2020 ensinou-nos a não recear planos falhados, mas sim a sermos flexíveis e a readaptar-nos às circunstâncias. Ensinou-nos a sabermos navegar pelo incerto e que aqueles de quem mais gostamos são a âncora que não nos deixa afundar. Ensinou-nos também que sonhar e acreditar é o que nos permite continuar a superar batalhas. Que ter a esperança no amanhã melhor é o que nos permite ultrapassar o hoje menos bom. É o que nos permite cá continuar a estar, a sentir e a existir. Todo o ano de 2020 foi de um conhecimento e crescimento pessoal sem igual, transformador para muitos nós, a tantos níveis. Vivi-o em pleno, intensamente e saio dele livre.
Com tudo isto em mente, passámos à segunda hora desta prática: 2021.
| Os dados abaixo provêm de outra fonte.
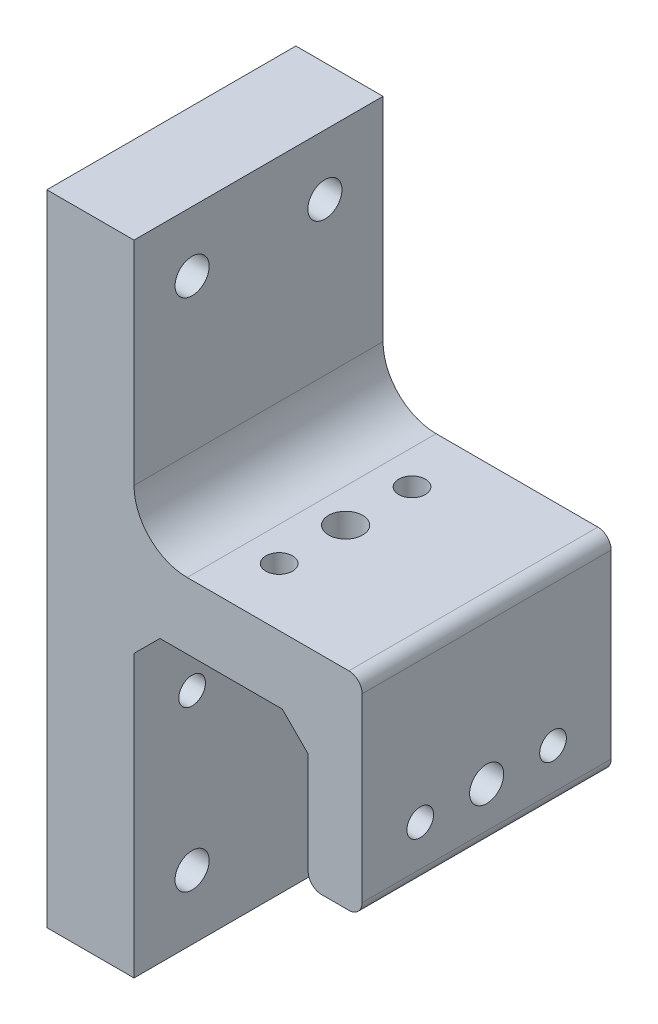
ISO-10303-21;
HEADER;
FILE_DESCRIPTION(('STEP AP214'),'2;1');
FILE_NAME('part.step','',(''),(''),'','','');
FILE_SCHEMA(('AUTOMOTIVE_DESIGN { 1 0 10303 214 1 1 1 1 }'));
ENDSEC;
DATA;
#1=APPLICATION_CONTEXT('core data for automotive mechanical design processes');
#2=APPLICATION_PROTOCOL_DEFINITION('international standard','automotive_design',2000,#1);
#3=PRODUCT_CONTEXT('',#1,'mechanical');
#4=PRODUCT('Part','Part','',(#3));
#5=PRODUCT_RELATED_PRODUCT_CATEGORY('part','',(#4));
#6=PRODUCT_DEFINITION_FORMATION('','',#4);
#7=PRODUCT_DEFINITION_CONTEXT('part definition',#1,'design');
#8=PRODUCT_DEFINITION('design','',#6,#7);
#9=PRODUCT_DEFINITION_SHAPE('','',#8);
#10=(LENGTH_UNIT() NAMED_UNIT(*) SI_UNIT(.MILLI.,.METRE.));
#11=(NAMED_UNIT(*) PLANE_ANGLE_UNIT() SI_UNIT($,.RADIAN.));
#12=(NAMED_UNIT(*) SI_UNIT($,.STERADIAN.) SOLID_ANGLE_UNIT());
#13=UNCERTAINTY_MEASURE_WITH_UNIT(LENGTH_MEASURE(1.E-05),#10,'distance_accuracy_value','');
#14=(GEOMETRIC_REPRESENTATION_CONTEXT(3) GLOBAL_UNCERTAINTY_ASSIGNED_CONTEXT((#13)) GLOBAL_UNIT_ASSIGNED_CONTEXT((#10,
#11,#12)) REPRESENTATION_CONTEXT('',''));
#15=CARTESIAN_POINT('',(0.,0.,0.));
#16=DIRECTION('',(0.,0.,1.));
#17=DIRECTION('',(1.,0.,0.));
#18=AXIS2_PLACEMENT_3D('',#15,#16,#17);
#19=CARTESIAN_POINT('',(0.,14.6812,0.));
#20=DIRECTION('',(0.,1.,0.));
#21=DIRECTION('',(-1.,0.,0.));
#22=AXIS2_PLACEMENT_3D('',#19,#20,#21);
#23=PLANE('',#22);
#24=CARTESIAN_POINT('',(0.,14.6812,-12.7));
#25=DIRECTION('',(0.,1.,0.));
#26=DIRECTION('',(-1.,0.,0.));
#27=AXIS2_PLACEMENT_3D('',#24,#25,#26);
#28=CIRCLE('',#27,2.5527);
#29=CARTESIAN_POINT('',(-2.5527,14.6812,-12.7));
#30=VERTEX_POINT('',#29);
#31=EDGE_CURVE('E269',#30,#30,#28,.T.);
#32=ORIENTED_EDGE('',*,*,#31,.F.);
#33=EDGE_LOOP('',(#32));
#34=FACE_BOUND('',#33,.T.);
#35=CARTESIAN_POINT('',(0.,14.6812,12.7));
#36=DIRECTION('',(0.,1.,0.));
#37=DIRECTION('',(-1.,0.,0.));
#38=AXIS2_PLACEMENT_3D('',#35,#36,#37);
#39=CIRCLE('',#38,2.5527);
#40=CARTESIAN_POINT('',(-2.5527,14.6812,12.7));
#41=VERTEX_POINT('',#40);
#42=EDGE_CURVE('E273',#41,#41,#39,.T.);
#43=ORIENTED_EDGE('',*,*,#42,.F.);
#44=EDGE_LOOP('',(#43));
#45=FACE_BOUND('',#44,.T.);
#46=CARTESIAN_POINT('',(0.,14.6812,0.));
#47=DIRECTION('',(0.,1.,0.));
#48=DIRECTION('',(-1.,0.,0.));
#49=AXIS2_PLACEMENT_3D('',#46,#47,#48);
#50=CIRCLE('',#49,3.2639);
#51=CARTESIAN_POINT('',(-3.2639,14.6812,0.));
#52=VERTEX_POINT('',#51);
#53=EDGE_CURVE('E244',#52,#52,#50,.T.);
#54=ORIENTED_EDGE('',*,*,#53,.F.);
#55=EDGE_LOOP('',(#54));
#56=FACE_BOUND('',#55,.T.);
#57=DIRECTION('',(1.,0.,0.));
#58=VECTOR('',#57,1.);
#59=CARTESIAN_POINT('',(-26.9748,14.6812,23.8125));
#60=LINE('',#59,#58);
#61=CARTESIAN_POINT('',(-6.49605,14.6812,23.8125));
#62=VERTEX_POINT('',#61);
#63=CARTESIAN_POINT('',(24.4348,14.6812,23.8125));
#64=VERTEX_POINT('',#63);
#65=EDGE_CURVE('E277',#62,#64,#60,.T.);
#66=ORIENTED_EDGE('',*,*,#65,.T.);
#67=DIRECTION('',(0.,0.,-1.));
#68=VECTOR('',#67,1.);
#69=CARTESIAN_POINT('',(24.4348,14.6812,0.));
#70=LINE('',#69,#68);
#71=CARTESIAN_POINT('',(24.4348,14.6812,-23.8125));
#72=VERTEX_POINT('',#71);
#73=EDGE_CURVE('E11',#64,#72,#70,.T.);
#74=ORIENTED_EDGE('',*,*,#73,.T.);
#75=DIRECTION('',(-1.,0.,0.));
#76=VECTOR('',#75,1.);
#77=CARTESIAN_POINT('',(26.9748,14.6812,-23.8125));
#78=LINE('',#77,#76);
#79=CARTESIAN_POINT('',(-6.49605,14.6812,-23.8125));
#80=VERTEX_POINT('',#79);
#81=EDGE_CURVE('E280',#72,#80,#78,.T.);
#82=ORIENTED_EDGE('',*,*,#81,.T.);
#83=DIRECTION('',(0.,0.,1.));
#84=VECTOR('',#83,1.);
#85=CARTESIAN_POINT('',(-6.49605,14.6812,0.));
#86=LINE('',#85,#84);
#87=EDGE_CURVE('E408',#80,#62,#86,.T.);
#88=ORIENTED_EDGE('',*,*,#87,.T.);
#89=EDGE_LOOP('',(#66,#74,#82,#88));
#90=FACE_BOUND('',#89,.T.);
#91=ADVANCED_FACE('F45',(#34,#45,#56,#90),#23,.T.);
#92=CARTESIAN_POINT('',(-16.65605,-24.9936,23.8125));
#93=DIRECTION('',(-1.,0.,0.));
#94=DIRECTION('',(0.,0.,1.));
#95=AXIS2_PLACEMENT_3D('',#92,#93,#94);
#96=PLANE('',#95);
#97=CARTESIAN_POINT('',(-16.65605,-44.45,-12.7));
#98=DIRECTION('',(-1.,0.,0.));
#99=DIRECTION('',(0.,0.,1.));
#100=AXIS2_PLACEMENT_3D('',#97,#98,#99);
#101=CIRCLE('',#100,3.2639);
#102=CARTESIAN_POINT('',(-16.65605,-44.45,-9.43609999999999));
#103=VERTEX_POINT('',#102);
#104=EDGE_CURVE('E1000',#103,#103,#101,.T.);
#105=ORIENTED_EDGE('',*,*,#104,.T.);
#106=EDGE_LOOP('',(#105));
#107=FACE_BOUND('',#106,.T.);
#108=CARTESIAN_POINT('',(-16.65605,-44.45,12.7));
#109=DIRECTION('',(-1.,0.,0.));
#110=DIRECTION('',(0.,0.,1.));
#111=AXIS2_PLACEMENT_3D('',#108,#109,#110);
#112=CIRCLE('',#111,3.26390000000001);
#113=CARTESIAN_POINT('',(-16.65605,-44.45,15.9639));
#114=VERTEX_POINT('',#113);
#115=EDGE_CURVE('E1010',#114,#114,#112,.T.);
#116=ORIENTED_EDGE('',*,*,#115,.T.);
#117=EDGE_LOOP('',(#116));
#118=FACE_BOUND('',#117,.T.);
#119=CARTESIAN_POINT('',(-16.65605,-14.6812,-12.7));
#120=DIRECTION('',(-1.,0.,0.));
#121=DIRECTION('',(0.,0.,1.));
#122=AXIS2_PLACEMENT_3D('',#119,#120,#121);
#123=CIRCLE('',#122,2.5527);
#124=CARTESIAN_POINT('',(-16.65605,-14.6812,-10.1473));
#125=VERTEX_POINT('',#124);
#126=EDGE_CURVE('E349',#125,#125,#123,.T.);
#127=ORIENTED_EDGE('',*,*,#126,.T.);
#128=EDGE_LOOP('',(#127));
#129=FACE_BOUND('',#128,.T.);
#130=DIRECTION('',(0.,0.,-1.));
#131=VECTOR('',#130,1.);
#132=CARTESIAN_POINT('',(-16.65605,-11.4173,23.8125));
#133=LINE('',#132,#131);
#134=CARTESIAN_POINT('',(-16.65605,-11.4173,3.2639));
#135=VERTEX_POINT('',#134);
#136=CARTESIAN_POINT('',(-16.65605,-11.4173,-3.2639));
#137=VERTEX_POINT('',#136);
#138=EDGE_CURVE('E316',#135,#137,#133,.T.);
#139=ORIENTED_EDGE('',*,*,#138,.T.);
#140=DIRECTION('',(0.,-1.,0.));
#141=VECTOR('',#140,1.);
#142=CARTESIAN_POINT('',(-16.65605,-24.9936,-3.2639));
#143=LINE('',#142,#141);
#144=CARTESIAN_POINT('',(-16.65605,-17.9451,-3.2639));
#145=VERTEX_POINT('',#144);
#146=EDGE_CURVE('E330',#137,#145,#143,.T.);
#147=ORIENTED_EDGE('',*,*,#146,.T.);
#148=DIRECTION('',(0.,0.,1.));
#149=VECTOR('',#148,1.);
#150=CARTESIAN_POINT('',(-16.65605,-17.9451,23.8125));
#151=LINE('',#150,#149);
#152=CARTESIAN_POINT('',(-16.65605,-17.9451,3.2639));
#153=VERTEX_POINT('',#152);
#154=EDGE_CURVE('E327',#145,#153,#151,.T.);
#155=ORIENTED_EDGE('',*,*,#154,.T.);
#156=DIRECTION('',(0.,1.,0.));
#157=VECTOR('',#156,1.);
#158=CARTESIAN_POINT('',(-16.65605,-24.9936,3.2639));
#159=LINE('',#158,#157);
#160=EDGE_CURVE('E193',#153,#135,#159,.T.);
#161=ORIENTED_EDGE('',*,*,#160,.T.);
#162=EDGE_LOOP('',(#139,#147,#155,#161));
#163=FACE_BOUND('',#162,.T.);
#164=CARTESIAN_POINT('',(-16.65605,-14.6812,12.7));
#165=DIRECTION('',(-1.,0.,0.));
#166=DIRECTION('',(0.,0.,1.));
#167=AXIS2_PLACEMENT_3D('',#164,#165,#166);
#168=CIRCLE('',#167,2.5527);
#169=CARTESIAN_POINT('',(-16.65605,-14.6812,15.2527));
#170=VERTEX_POINT('',#169);
#171=EDGE_CURVE('E337',#170,#170,#168,.T.);
#172=ORIENTED_EDGE('',*,*,#171,.T.);
#173=EDGE_LOOP('',(#172));
#174=FACE_BOUND('',#173,.T.);
#175=DIRECTION('',(0.,1.,0.));
#176=VECTOR('',#175,1.);
#177=CARTESIAN_POINT('',(-16.65605,-24.9936,23.8125));
#178=LINE('',#177,#176);
#179=CARTESIAN_POINT('',(-16.65605,-56.7436,23.8125));
#180=VERTEX_POINT('',#179);
#181=CARTESIAN_POINT('',(-16.65605,-2.97973749999999,23.8125));
#182=VERTEX_POINT('',#181);
#183=EDGE_CURVE('E377',#180,#182,#178,.T.);
#184=ORIENTED_EDGE('',*,*,#183,.F.);
#185=DIRECTION('',(0.,0.,-1.));
#186=VECTOR('',#185,1.);
#187=CARTESIAN_POINT('',(-16.65605,-56.7436,-23.8125));
#188=LINE('',#187,#186);
#189=CARTESIAN_POINT('',(-16.65605,-56.7436,-23.8125));
#190=VERTEX_POINT('',#189);
#191=EDGE_CURVE('E240',#180,#190,#188,.T.);
#192=ORIENTED_EDGE('',*,*,#191,.T.);
#193=DIRECTION('',(0.,1.,0.));
#194=VECTOR('',#193,1.);
#195=CARTESIAN_POINT('',(-16.65605,-24.9936,-23.8125));
#196=LINE('',#195,#194);
#197=CARTESIAN_POINT('',(-16.65605,-2.97973749999999,-23.8125));
#198=VERTEX_POINT('',#197);
#199=EDGE_CURVE('E353',#190,#198,#196,.T.);
#200=ORIENTED_EDGE('',*,*,#199,.T.);
#201=DIRECTION('',(0.,0.,-1.));
#202=VECTOR('',#201,1.);
#203=CARTESIAN_POINT('',(-16.65605,-2.97973749999999,23.8125));
#204=LINE('',#203,#202);
#205=EDGE_CURVE('E405',#182,#198,#204,.T.);
#206=ORIENTED_EDGE('',*,*,#205,.F.);
#207=EDGE_LOOP('',(#184,#192,#200,#206));
#208=FACE_BOUND('',#207,.T.);
#209=ADVANCED_FACE('F495',(#107,#118,#129,#163,#174,#208),#96,.F.);
#210=CARTESIAN_POINT('',(-16.65605,-2.97973749999999,23.8125));
#211=DIRECTION('',(-0.707106781186547,0.707106781186548,0.));
#212=DIRECTION('',(-0.707106781186548,-0.707106781186547,0.));
#213=AXIS2_PLACEMENT_3D('',#210,#211,#212);
#214=PLANE('',#213);
#215=ORIENTED_EDGE('',*,*,#205,.T.);
#216=DIRECTION('',(0.707106781186548,0.707106781186547,0.));
#217=VECTOR('',#216,1.);
#218=CARTESIAN_POINT('',(-16.65605,-2.97973749999999,-23.8125));
#219=LINE('',#218,#217);
#220=CARTESIAN_POINT('',(-11.6951125,1.98120000000001,-23.8125));
#221=VERTEX_POINT('',#220);
#222=EDGE_CURVE('E357',#198,#221,#219,.T.);
#223=ORIENTED_EDGE('',*,*,#222,.T.);
#224=DIRECTION('',(0.,0.,-1.));
#225=VECTOR('',#224,1.);
#226=CARTESIAN_POINT('',(-11.6951125,1.98120000000001,23.8125));
#227=LINE('',#226,#225);
#228=CARTESIAN_POINT('',(-11.6951125,1.98120000000001,23.8125));
#229=VERTEX_POINT('',#228);
#230=EDGE_CURVE('E402',#229,#221,#227,.T.);
#231=ORIENTED_EDGE('',*,*,#230,.F.);
#232=DIRECTION('',(0.707106781186548,0.707106781186547,0.));
#233=VECTOR('',#232,1.);
#234=CARTESIAN_POINT('',(-16.65605,-2.97973749999999,23.8125));
#235=LINE('',#234,#233);
#236=EDGE_CURVE('E380',#182,#229,#235,.T.);
#237=ORIENTED_EDGE('',*,*,#236,.F.);
#238=EDGE_LOOP('',(#215,#223,#231,#237));
#239=FACE_BOUND('',#238,.T.);
#240=ADVANCED_FACE('F498',(#239),#214,.F.);
#241=CARTESIAN_POINT('',(-11.6951125,1.98120000000001,23.8125));
#242=DIRECTION('',(0.,1.,0.));
#243=DIRECTION('',(0.,0.,1.));
#244=AXIS2_PLACEMENT_3D('',#241,#242,#243);
#245=PLANE('',#244);
#246=CARTESIAN_POINT('',(0.,1.98120000000001,0.));
#247=DIRECTION('',(0.,1.,0.));
#248=DIRECTION('',(0.,0.,1.));
#249=AXIS2_PLACEMENT_3D('',#246,#247,#248);
#250=CIRCLE('',#249,3.2639);
#251=CARTESIAN_POINT('',(0.,1.98120000000001,3.2639));
#252=VERTEX_POINT('',#251);
#253=EDGE_CURVE('E302',#252,#252,#250,.T.);
#254=ORIENTED_EDGE('',*,*,#253,.T.);
#255=EDGE_LOOP('',(#254));
#256=FACE_BOUND('',#255,.T.);
#257=CARTESIAN_POINT('',(0.,1.98120000000001,-12.7));
#258=DIRECTION('',(0.,1.,0.));
#259=DIRECTION('',(-1.,0.,0.));
#260=AXIS2_PLACEMENT_3D('',#257,#258,#259);
#261=CIRCLE('',#260,2.5527);
#262=CARTESIAN_POINT('',(-2.5527,1.98120000000001,-12.7));
#263=VERTEX_POINT('',#262);
#264=EDGE_CURVE('E307',#263,#263,#261,.T.);
#265=ORIENTED_EDGE('',*,*,#264,.T.);
#266=EDGE_LOOP('',(#265));
#267=FACE_BOUND('',#266,.T.);
#268=CARTESIAN_POINT('',(0.,1.98120000000001,12.7));
#269=DIRECTION('',(0.,1.,0.));
#270=DIRECTION('',(-1.,0.,0.));
#271=AXIS2_PLACEMENT_3D('',#268,#269,#270);
#272=CIRCLE('',#271,2.5527);
#273=CARTESIAN_POINT('',(-2.5527,1.98120000000001,12.7));
#274=VERTEX_POINT('',#273);
#275=EDGE_CURVE('E306',#274,#274,#272,.T.);
#276=ORIENTED_EDGE('',*,*,#275,.T.);
#277=EDGE_LOOP('',(#276));
#278=FACE_BOUND('',#277,.T.);
#279=ORIENTED_EDGE('',*,*,#230,.T.);
#280=DIRECTION('',(1.,0.,0.));
#281=VECTOR('',#280,1.);
#282=CARTESIAN_POINT('',(-11.6951125,1.98120000000001,-23.8125));
#283=LINE('',#282,#281);
#284=CARTESIAN_POINT('',(11.6951125,1.98120000000001,-23.8125));
#285=VERTEX_POINT('',#284);
#286=EDGE_CURVE('E361',#221,#285,#283,.T.);
#287=ORIENTED_EDGE('',*,*,#286,.T.);
#288=DIRECTION('',(0.,0.,-1.));
#289=VECTOR('',#288,1.);
#290=CARTESIAN_POINT('',(11.6951125,1.98120000000001,23.8125));
#291=LINE('',#290,#289);
#292=CARTESIAN_POINT('',(11.6951125,1.98120000000001,23.8125));
#293=VERTEX_POINT('',#292);
#294=EDGE_CURVE('E399',#293,#285,#291,.T.);
#295=ORIENTED_EDGE('',*,*,#294,.F.);
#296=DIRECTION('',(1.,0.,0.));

Traçamos planos porque gostamos de seguir um rumo, para não nos perdermos dos nossos objetivos, para mantermos o foco no nosso propósito. Divagámos pelo ano novo nas mesmas quatro áreas, escrevendo no mínimo 3 intenções que queremos pôr em prática, em cada uma delas. Reescrevi algumas que tinha deixado pensadas há exatamente 12 meses atrás, antes de sabermos que o mundo ia virar pandémico. Muitas escrevi como manutenção daquilo que já iniciei nos últimos meses. Outras totalmente novas. Esta segunda hora de prática trouxe-me não lágrimas, mas sorrisos. Depois do que sobrevivemos, vivemos e lutámos este último ano, não há mais espaço para medo do que virá, da novidade e do futuro. Apenas esperança.
Dei as boas vindas a 2021 a assistir ao espetáculo de fogo de artifício que iluminou a baía e deixei-me envolver pela beleza extraordinária da minha ilha. As primeiras vinte e quatro horas do dia foram passados com os meus mais próximos. Brindámos à saúde e à vida, dançámos e rimos. Abraçámos também alguns, com força.
Acabei o primeiro dia do ano a dar um mergulho no mar e lá fiquei no embalo das ondas a olhar o céu. Grata. Grata pelo que me 2020 me trouxe, pelo que lá deixei ficar e por tudo aquilo que levo comigo para o novo ano. Grata por ter todos os que amo comigo. Grata por este novo início, pelas novas oportunidades, novos desafios e novas conquistas que virão.
Hoje estou de regresso ao retângulo. Aterro neste momento e estou a sentir-me estranhamente bem, em paz e pronta. Pronta para começar 2021 e focar-me em tudo aquilo que pretendo atingir para (continuar) a ser feliz.
2021 é esperança. Encham-se dela.
Comecemos, de novo.
Feliz ano.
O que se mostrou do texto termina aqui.